As per documentation of Pattern,

A (Pattern) is compiled representation of a regular expression.

A Pattern object will be associated with a pattern, and users of this objects are supposed to create it once and use it many times. By providing a static factory, Pattern class has freedom to perform internal checks before returning the Pattern object. For example, it can (if it wishes to) cache the Pattern instances and return the cached instance if same pattern string is provided in another call to compile (Note: This is not the way it is implemented though, however, it has that freedom due to use of static factory).

Why Matcher is created through factory method on Pattern?

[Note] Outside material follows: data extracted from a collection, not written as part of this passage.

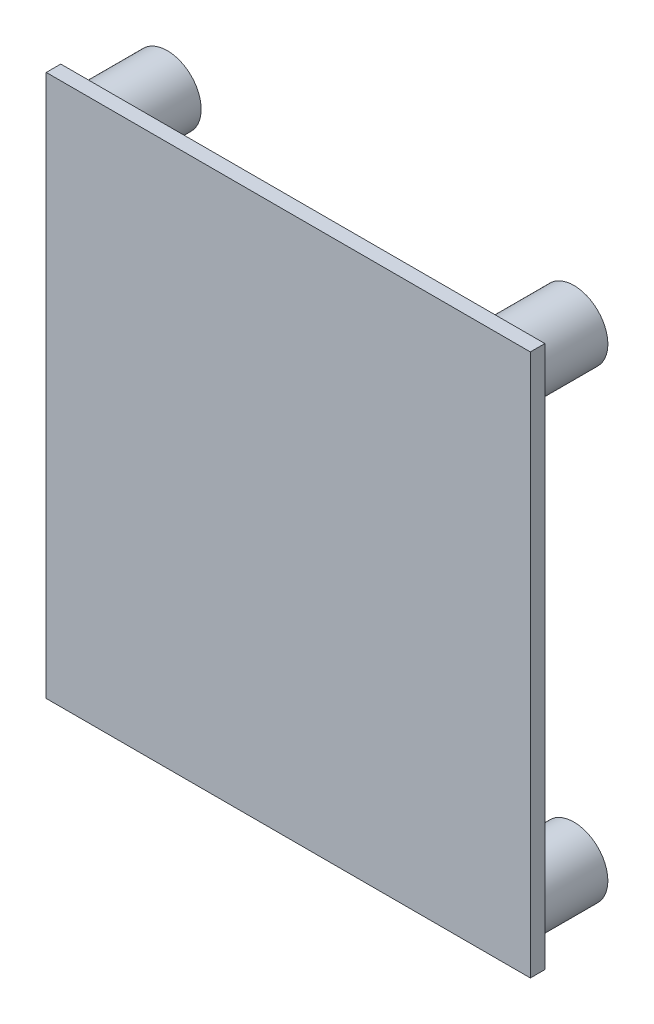
ISO-10303-21;
HEADER;
FILE_DESCRIPTION(('STEP AP214'),'2;1');
FILE_NAME('part.step','',(''),(''),'','','');
FILE_SCHEMA(('AUTOMOTIVE_DESIGN { 1 0 10303 214 1 1 1 1 }'));
ENDSEC;
DATA;
#1=APPLICATION_CONTEXT('core data for automotive mechanical design processes');
#2=APPLICATION_PROTOCOL_DEFINITION('international standard','automotive_design',2000,#1);
#3=PRODUCT_CONTEXT('',#1,'mechanical');
#4=PRODUCT('Part','Part','',(#3));
#5=PRODUCT_RELATED_PRODUCT_CATEGORY('part','',(#4));
#6=PRODUCT_DEFINITION_FORMATION('','',#4);
#7=PRODUCT_DEFINITION_CONTEXT('part definition',#1,'design');
#8=PRODUCT_DEFINITION('design','',#6,#7);
#9=PRODUCT_DEFINITION_SHAPE('','',#8);
#10=(LENGTH_UNIT() NAMED_UNIT(*) SI_UNIT(.MILLI.,.METRE.));
#11=(NAMED_UNIT(*) PLANE_ANGLE_UNIT() SI_UNIT($,.RADIAN.));
#12=(NAMED_UNIT(*) SI_UNIT($,.STERADIAN.) SOLID_ANGLE_UNIT());
#13=UNCERTAINTY_MEASURE_WITH_UNIT(LENGTH_MEASURE(1.E-05),#10,'distance_accuracy_value','');
#14=(GEOMETRIC_REPRESENTATION_CONTEXT(3) GLOBAL_UNCERTAINTY_ASSIGNED_CONTEXT((#13)) GLOBAL_UNIT_ASSIGNED_CONTEXT((#10,
#11,#12)) REPRESENTATION_CONTEXT('',''));
#15=CARTESIAN_POINT('',(0.,0.,0.));
#16=DIRECTION('',(0.,0.,1.));
#17=DIRECTION('',(1.,0.,0.));
#18=AXIS2_PLACEMENT_3D('',#15,#16,#17);
#19=CARTESIAN_POINT('',(0.,0.,1.5));
#20=DIRECTION('',(1.,0.,0.));
#21=DIRECTION('',(0.,1.,0.));
#22=AXIS2_PLACEMENT_3D('',#19,#20,#21);
#23=PLANE('',#22);
#24=DIRECTION('',(0.,-1.,0.));
#25=VECTOR('',#24,1.);
#26=CARTESIAN_POINT('',(0.,0.,0.));
#27=LINE('',#26,#25);
#28=CARTESIAN_POINT('',(0.,56.,0.));
#29=VERTEX_POINT('',#28);
#30=CARTESIAN_POINT('',(0.,0.,0.));
#31=VERTEX_POINT('',#30);
#32=EDGE_CURVE('E111',#29,#31,#27,.T.);
#33=ORIENTED_EDGE('',*,*,#32,.T.);
#34=DIRECTION('',(0.,0.,-1.));
#35=VECTOR('',#34,1.);
#36=CARTESIAN_POINT('',(0.,0.,1.5));
#37=LINE('',#36,#35);
#38=CARTESIAN_POINT('',(0.,0.,1.5));
#39=VERTEX_POINT('',#38);
#40=EDGE_CURVE('E100',#39,#31,#37,.T.);
#41=ORIENTED_EDGE('',*,*,#40,.F.);
#42=DIRECTION('',(0.,-1.,0.));
#43=VECTOR('',#42,1.);
#44=CARTESIAN_POINT('',(0.,0.,1.5));
#45=LINE('',#44,#43);
#46=CARTESIAN_POINT('',(0.,56.,1.5));
#47=VERTEX_POINT('',#46);
#48=EDGE_CURVE('E92',#47,#39,#45,.T.);
#49=ORIENTED_EDGE('',*,*,#48,.F.);
#50=DIRECTION('',(0.,0.,-1.));
#51=VECTOR('',#50,1.);
#52=CARTESIAN_POINT('',(0.,56.,1.5));
#53=LINE('',#52,#51);
#54=EDGE_CURVE('E107',#47,#29,#53,.T.);
#55=ORIENTED_EDGE('',*,*,#54,.T.);
#56=EDGE_LOOP('',(#33,#41,#49,#55));
#57=FACE_BOUND('',#56,.T.);
#58=ADVANCED_FACE('F39',(#57),#23,.F.);
#59=CARTESIAN_POINT('',(0.,0.,1.5));
#60=DIRECTION('',(0.,1.,0.));
#61=DIRECTION('',(0.,0.,1.));
#62=AXIS2_PLACEMENT_3D('',#59,#60,#61);
#63=PLANE('',#62);
#64=DIRECTION('',(1.,0.,0.));
#65=VECTOR('',#64,1.);
#66=CARTESIAN_POINT('',(0.,0.,0.));
#67=LINE('',#66,#65);
#68=CARTESIAN_POINT('',(50.,0.,0.));
#69=VERTEX_POINT('',#68);
#70=EDGE_CURVE('E98',#31,#69,#67,.T.);
#71=ORIENTED_EDGE('',*,*,#70,.T.);
#72=DIRECTION('',(0.,0.,-1.));
#73=VECTOR('',#72,1.);
#74=CARTESIAN_POINT('',(50.,0.,1.5));
#75=LINE('',#74,#73);
#76=CARTESIAN_POINT('',(50.,0.,1.5));
#77=VERTEX_POINT('',#76);
#78=EDGE_CURVE('E96',#77,#69,#75,.T.);
#79=ORIENTED_EDGE('',*,*,#78,.F.);
#80=DIRECTION('',(1.,0.,0.));
#81=VECTOR('',#80,1.);
#82=CARTESIAN_POINT('',(0.,0.,1.5));
#83=LINE('',#82,#81);
#84=EDGE_CURVE('E87',#39,#77,#83,.T.);
#85=ORIENTED_EDGE('',*,*,#84,.F.);
#86=ORIENTED_EDGE('',*,*,#40,.T.);
#87=EDGE_LOOP('',(#71,#79,#85,#86));
#88=FACE_BOUND('',#87,.T.);
#89=ADVANCED_FACE('F97',(#88),#63,.F.);
#90=CARTESIAN_POINT('',(50.,0.,1.5));
#91=DIRECTION('',(-1.,0.,0.));
#92=DIRECTION('',(0.,0.,1.));
#93=AXIS2_PLACEMENT_3D('',#90,#91,#92);
#94=PLANE('',#93);
#95=DIRECTION('',(0.,1.,0.));
#96=VECTOR('',#95,1.);
#97=CARTESIAN_POINT('',(50.,0.,0.));
#98=LINE('',#97,#96);
#99=CARTESIAN_POINT('',(50.,56.,0.));
#100=VERTEX_POINT('',#99);
#101=EDGE_CURVE('E73',#69,#100,#98,.T.);
#102=ORIENTED_EDGE('',*,*,#101,.T.);
#103=DIRECTION('',(0.,0.,-1.));
#104=VECTOR('',#103,1.);
#105=CARTESIAN_POINT('',(50.,56.,1.5));
#106=LINE('',#105,#104);
#107=CARTESIAN_POINT('',(50.,56.,1.5));
#108=VERTEX_POINT('',#107);
#109=EDGE_CURVE('E101',#108,#100,#106,.T.);
#110=ORIENTED_EDGE('',*,*,#109,.F.);
#111=DIRECTION('',(0.,1.,0.));
#112=VECTOR('',#111,1.);
#113=CARTESIAN_POINT('',(50.,0.,1.5));
#114=LINE('',#113,#112);
#115=EDGE_CURVE('E90',#77,#108,#114,.T.);
#116=ORIENTED_EDGE('',*,*,#115,.F.);
#117=ORIENTED_EDGE('',*,*,#78,.T.);
#118=EDGE_LOOP('',(#102,#110,#116,#117));
#119=FACE_BOUND('',#118,.T.);
#120=ADVANCED_FACE('F103',(#119),#94,.F.);
#121=CARTESIAN_POINT('',(0.,56.,1.5));
#122=DIRECTION('',(0.,-1.,0.));
#123=DIRECTION('',(0.,0.,-1.));
#124=AXIS2_PLACEMENT_3D('',#121,#122,#123);
#125=PLANE('',#124);
#126=DIRECTION('',(-1.,0.,0.));
#127=VECTOR('',#126,1.);
#128=CARTESIAN_POINT('',(0.,56.,0.));
#129=LINE('',#128,#127);
#130=EDGE_CURVE('E79',#100,#29,#129,.T.);
#131=ORIENTED_EDGE('',*,*,#130,.T.);
#132=ORIENTED_EDGE('',*,*,#54,.F.);
#133=DIRECTION('',(-1.,0.,0.));
#134=VECTOR('',#133,1.);
#135=CARTESIAN_POINT('',(0.,56.,1.5));
#136=LINE('',#135,#134);
#137=EDGE_CURVE('E56',#108,#47,#136,.T.);
#138=ORIENTED_EDGE('',*,*,#137,.F.);
#139=ORIENTED_EDGE('',*,*,#109,.T.);
#140=EDGE_LOOP('',(#131,#132,#138,#139));
#141=FACE_BOUND('',#140,.T.);
#142=ADVANCED_FACE('F185',(#141),#125,.F.);
#143=CARTESIAN_POINT('',(0.,0.,1.5));
#144=DIRECTION('',(0.,0.,-1.));
#145=DIRECTION('',(-1.,0.,0.));
#146=AXIS2_PLACEMENT_3D('',#143,#144,#145);
#147=PLANE('',#146);
#148=ORIENTED_EDGE('',*,*,#48,.T.);
#149=ORIENTED_EDGE('',*,*,#84,.T.);
#150=ORIENTED_EDGE('',*,*,#115,.T.);
#151=ORIENTED_EDGE('',*,*,#137,.T.);
#152=EDGE_LOOP('',(#148,#149,#150,#151));
#153=FACE_BOUND('',#152,.T.);
#154=ADVANCED_FACE('F88',(#153),#147,.F.);
#155=CARTESIAN_POINT('',(0.,0.,0.));
#156=DIRECTION('',(0.,0.,-1.));
#157=DIRECTION('',(-1.,0.,0.));
#158=AXIS2_PLACEMENT_3D('',#155,#156,#157);
#159=PLANE('',#158);
#160=CARTESIAN_POINT('',(4.,4.2,0.));
#161=DIRECTION('',(0.,0.,-1.));
#162=DIRECTION('',(-1.,0.,0.));
#163=AXIS2_PLACEMENT_3D('',#160,#161,#162);
#164=CIRCLE('',#163,3.5);
#165=CARTESIAN_POINT('',(0.499999999999996,4.2,0.));
#166=VERTEX_POINT('',#165);
#167=EDGE_CURVE('E236',#166,#166,#164,.T.);
#168=ORIENTED_EDGE('',*,*,#167,.F.);
#169=EDGE_LOOP('',(#168));
#170=FACE_BOUND('',#169,.T.);
#171=CARTESIAN_POINT('',(46.,4.2,0.));
#172=DIRECTION('',(0.,0.,-1.));
#173=DIRECTION('',(-1.,0.,0.));
#174=AXIS2_PLACEMENT_3D('',#171,#172,#173);
#175=CIRCLE('',#174,3.5);
#176=CARTESIAN_POINT('',(42.5,4.2,0.));
#177=VERTEX_POINT('',#176);
#178=EDGE_CURVE('E250',#177,#177,#175,.T.);
#179=ORIENTED_EDGE('',*,*,#178,.F.);
#180=EDGE_LOOP('',(#179));
#181=FACE_BOUND('',#180,.T.);
#182=CARTESIAN_POINT('',(4.00000000000001,52.2,0.));
#183=DIRECTION('',(0.,0.,-1.));
#184=DIRECTION('',(-1.,0.,0.));
#185=AXIS2_PLACEMENT_3D('',#182,#183,#184);
#186=CIRCLE('',#185,3.5);
#187=CARTESIAN_POINT('',(0.500000000000005,52.2,0.));
#188=VERTEX_POINT('',#187);
#189=EDGE_CURVE('E262',#188,#188,#186,.T.);
#190=ORIENTED_EDGE('',*,*,#189,.F.);
#191=EDGE_LOOP('',(#190));
#192=FACE_BOUND('',#191,.T.);
#193=CARTESIAN_POINT('',(46.,52.2,0.));
#194=DIRECTION('',(0.,0.,-1.));
#195=DIRECTION('',(-1.,0.,0.));
#196=AXIS2_PLACEMENT_3D('',#193,#194,#195);
#197=CIRCLE('',#196,3.5);
#198=CARTESIAN_POINT('',(42.5,52.2,0.));
#199=VERTEX_POINT('',#198);
#200=EDGE_CURVE('E273',#199,#199,#197,.T.);
#201=ORIENTED_EDGE('',*,*,#200,.F.);
#202=EDGE_LOOP('',(#201));
#203=FACE_BOUND('',#202,.T.);
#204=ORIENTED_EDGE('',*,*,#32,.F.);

Matcher can be used for two purposes
(Below is simplified perspective for sake of discussion, refer Java doc of Matcher for more details):

  1. Check whether given string matches a given regex.
  2. Match the given string against a given pattern, and return various match results.

For the first case, one can use Pattern.matches(regex, string) form of method invocation. In this case, the regex will be compiled and a boolean result will be returned after the match. Note that this is sort of a functional style of programming - and it works fine here because there are no matching state to be maintained.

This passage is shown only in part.